Thinking Through the Turing Test

A British Turing Bombe machine is seen functioning in Bletchley Park Museum in Bletchley, central England, on September 6, 2006. Alessia Pierdomenico/Reuters

In a study conducted over the weekend, a computer program was able to fool more than a third of human interviewers into believing it was "Eugene Goostman," a 13-year-old Ukrainian boy for whom English was a second language. This feat, known as the Turing Test, has never before been accomplished. When the news broke earlier this week, it was touted as a milestone. For example, The Independent wrote, "Super-computer becomes first to convince us it's human."

In the days that followed, however, articles began questioning that claim. They pointed out, for instance, that it was something of a cop-out to have the chat-bot imitating a 13-year-old Ukrainian ESL student. (Who could blame him for responses like "I can't disclosure my thoughts!"?) And a quick chat with Goostman betrays the bot's limitations. When Wired asked where Goostman was from, the bot replied, "A big Ukrainian city called Odessa." When Wired followed up by asking if Goostman had ever been to the Ukraine, it replied, "I've never been there." The magazine concluded, not wrongly, that "the results felt something like an AIM chatbot circa 1999."

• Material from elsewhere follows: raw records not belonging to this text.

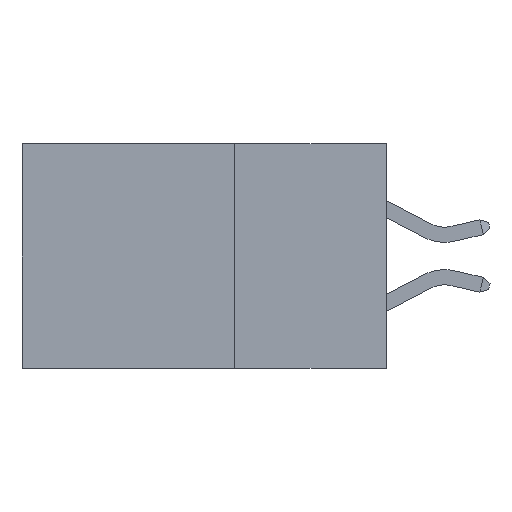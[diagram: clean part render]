
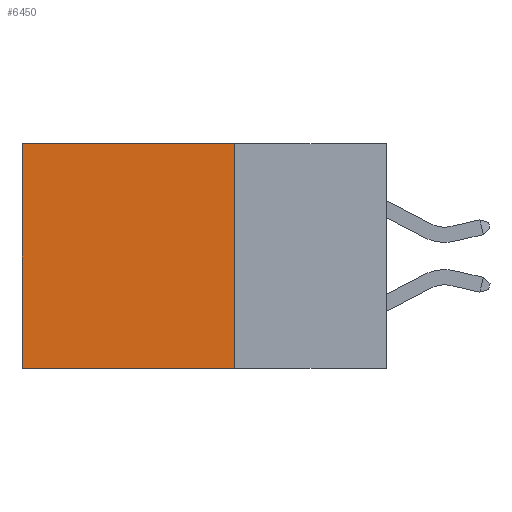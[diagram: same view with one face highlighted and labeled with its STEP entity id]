
A CAD part, left-side view. The second image highlights one B-rep face of the part: STEP entity #6450.
In plain terms, the highlighted planar face has unit normal (-1, 0, 0).
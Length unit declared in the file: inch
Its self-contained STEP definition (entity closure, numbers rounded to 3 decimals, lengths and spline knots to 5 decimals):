
#12 = VECTOR ( 'NONE', #12228, 39.37008 ) ;
#137 = ORIENTED_EDGE ( 'NONE', *, *, #9249, .T. ) ;
#269 = VECTOR ( 'NONE', #896, 39.37008 ) ;
#428 = ORIENTED_EDGE ( 'NONE', *, *, #1293, .F. ) ;
#637 = DIRECTION ( 'NONE',  ( 1., 0., 0. ) ) ;
#756 = VERTEX_POINT ( 'NONE', #9758 ) ;
#896 = DIRECTION ( 'NONE',  ( 0., 0., -1. ) ) ;
#1291 = FACE_OUTER_BOUND ( 'NONE', #3214, .T. ) ;
#1293 = EDGE_CURVE ( 'NONE', #8414, #9385, #5401, .T. ) ;
#1946 = AXIS2_PLACEMENT_3D ( 'NONE', #6725, #637, #7712 ) ;
#2070 = CARTESIAN_POINT ( 'NONE',  ( 0.2615, 0.6, 0. ) ) ;
#2258 = VERTEX_POINT ( 'NONE', #2070 ) ;
#2701 = VECTOR ( 'NONE', #5552, 39.37008 ) ;
#3214 = EDGE_LOOP ( 'NONE', ( #137, #428, #8546, #10616 ) ) ;
#3492 = LINE ( 'NONE', #3732, #11220 ) ;
#3732 = CARTESIAN_POINT ( 'NONE',  ( 0.2615, 0.25, -0.37 ) ) ;
#4218 = CARTESIAN_POINT ( 'NONE',  ( 0.2615, 0.25, 0. ) ) ;
#4751 = DIRECTION ( 'NONE',  ( 0., 0., -1. ) ) ;
#5401 = LINE ( 'NONE', #10537, #2701 ) ;
#5552 = DIRECTION ( 'NONE',  ( 0., 1., 0. ) ) ;
#5642 = PLANE ( 'NONE',  #1946 ) ;
#6317 = CARTESIAN_POINT ( 'NONE',  ( 0.2615, 0.6, -0.37 ) ) ;
#6450 = ADVANCED_FACE ( 'NONE', ( #1291 ), #5642, .F. ) ;
#6725 = CARTESIAN_POINT ( 'NONE',  ( 0.2615, 0.25, -0.37 ) ) ;
#7145 = EDGE_CURVE ( 'NONE', #756, #8414, #3492, .T. ) ;
#7481 = EDGE_CURVE ( 'NONE', #756, #2258, #10454, .T. ) ;
#7712 = DIRECTION ( 'NONE',  ( 0., 0., -1. ) ) ;
#8414 = VERTEX_POINT ( 'NONE', #12644 ) ;
#8546 = ORIENTED_EDGE ( 'NONE', *, *, #7145, .F. ) ;
#9249 = EDGE_CURVE ( 'NONE', #2258, #9385, #11005, .T. ) ;
#9385 = VERTEX_POINT ( 'NONE', #6317 ) ;
#9758 = CARTESIAN_POINT ( 'NONE',  ( 0.2615, 0.25, 0. ) ) ;
#10454 = LINE ( 'NONE', #4218, #12 ) ;
#10537 = CARTESIAN_POINT ( 'NONE',  ( 0.2615, 0.25, -0.37 ) ) ;
#10616 = ORIENTED_EDGE ( 'NONE', *, *, #7481, .T. ) ;
#11005 = LINE ( 'NONE', #12931, #269 ) ;
#11220 = VECTOR ( 'NONE', #4751, 39.37008 ) ;
#12228 = DIRECTION ( 'NONE',  ( 0., 1., 0. ) ) ;
#12644 = CARTESIAN_POINT ( 'NONE',  ( 0.2615, 0.25, -0.37 ) ) ;
#12931 = CARTESIAN_POINT ( 'NONE',  ( 0.2615, 0.6, -0.37 ) ) ;

So what does it actually mean for Goostman to have passed the Turing test?

The test was proposed in 1950 by the logician and computer scientist Alan Turing, who was integral in breaking the German's Enigma code during World War II. On the subject of artificial intelligence, Turing published a paper exploring the question "Can Machines Think?" The paper suggests that one way of evaluating this would be if a machine can convince a human interviewer that it is human. Turing speculated that in 50 years (the year 2000) a machine will exist that can do this 30 percent of the time.

But just because the English-impaired bot Eugene Goostman convinced 33 percent of judges at the Royal Society in London that it was human, does that mean it can think?

First, it's worth pointing out that Turing's paper didn't claim that if a machine can convince one-third of humans that it is a human being, it is capable of human thought. That's because Turing didn't find the notion of "thinking" all that useful for machines. When it comes to machines, he wrote, thinking, as humans understand it, is "too meaningless to deserve discussion."

Why is that? The Turing Test, explains Mark Goldfeder, a senior fellow at the Center for the Study of Law and Religion at Emory University, suffers from shortcomings elucidated by a thought experiment known as the Chinese Room Argument. In the experiment, first published in 1980 by American philosopher John Searle, the philosopher imagines himself trapped in a room. Chinese characters, meanwhile are being slipped under the door. Searle doesn't speak Chinese, but he is armed with a computer program that can manipulate the Chinese characters. In this way, by using this computer, he is able to coherently organize the characters in such a way as to convince the person on the other side of the door that he knows Chinese. As the Stanford Encyclopedia of Philosophy sums it up, "Since a computer just does what the human does—manipulate symbols on the basis of their syntax alone—no computer, merely by following a program, comes to genuinely understand Chinese."

Even if Eugene Goostman passed the Turing Test—convincing human beings with limited information that the bot is human—it still doesn't prove machines can think.

So what does it prove? In his paper, Turing concluded that the question "'Can machines think?...should be replaced by 'Are there imaginable digital computers which would do well in the imitation game?'" In other words, this measure of machine intellect is relative to its influence on the humans with which it interacts. A broader restatement of the question might be: How seriously should we take this robot?

According to Goldfeder, Goostman's ability to fool human beings indicates that it may be time to begin considering machines—chat-bots, robots, etc. —as entities endowed with personhood. "My main argument," he says, "is that people conflate personhood with humanity. They're different."

Goldfeder doesn't claim that a computer should be endowed with the moral rights of a human being, but he does believe that we need to take our interactions with them more seriously, especially in a legal sense. Pointing to increasingly autonomous drones, sophisticated chat-bots, robotic prison guards and self-driving cars, Goldfeder suggests that machines are occupying a new role in our lives.

Aware that everyone might not subscribe to his suggestion that robots should have the legal status of a person, Goldfeder offers some irrefutable red-white-and-blue logic: As machines increase in complexity, evolving through interactions with humans (as in the case of a chat-bot), "you're gonna want to have somebody to sue."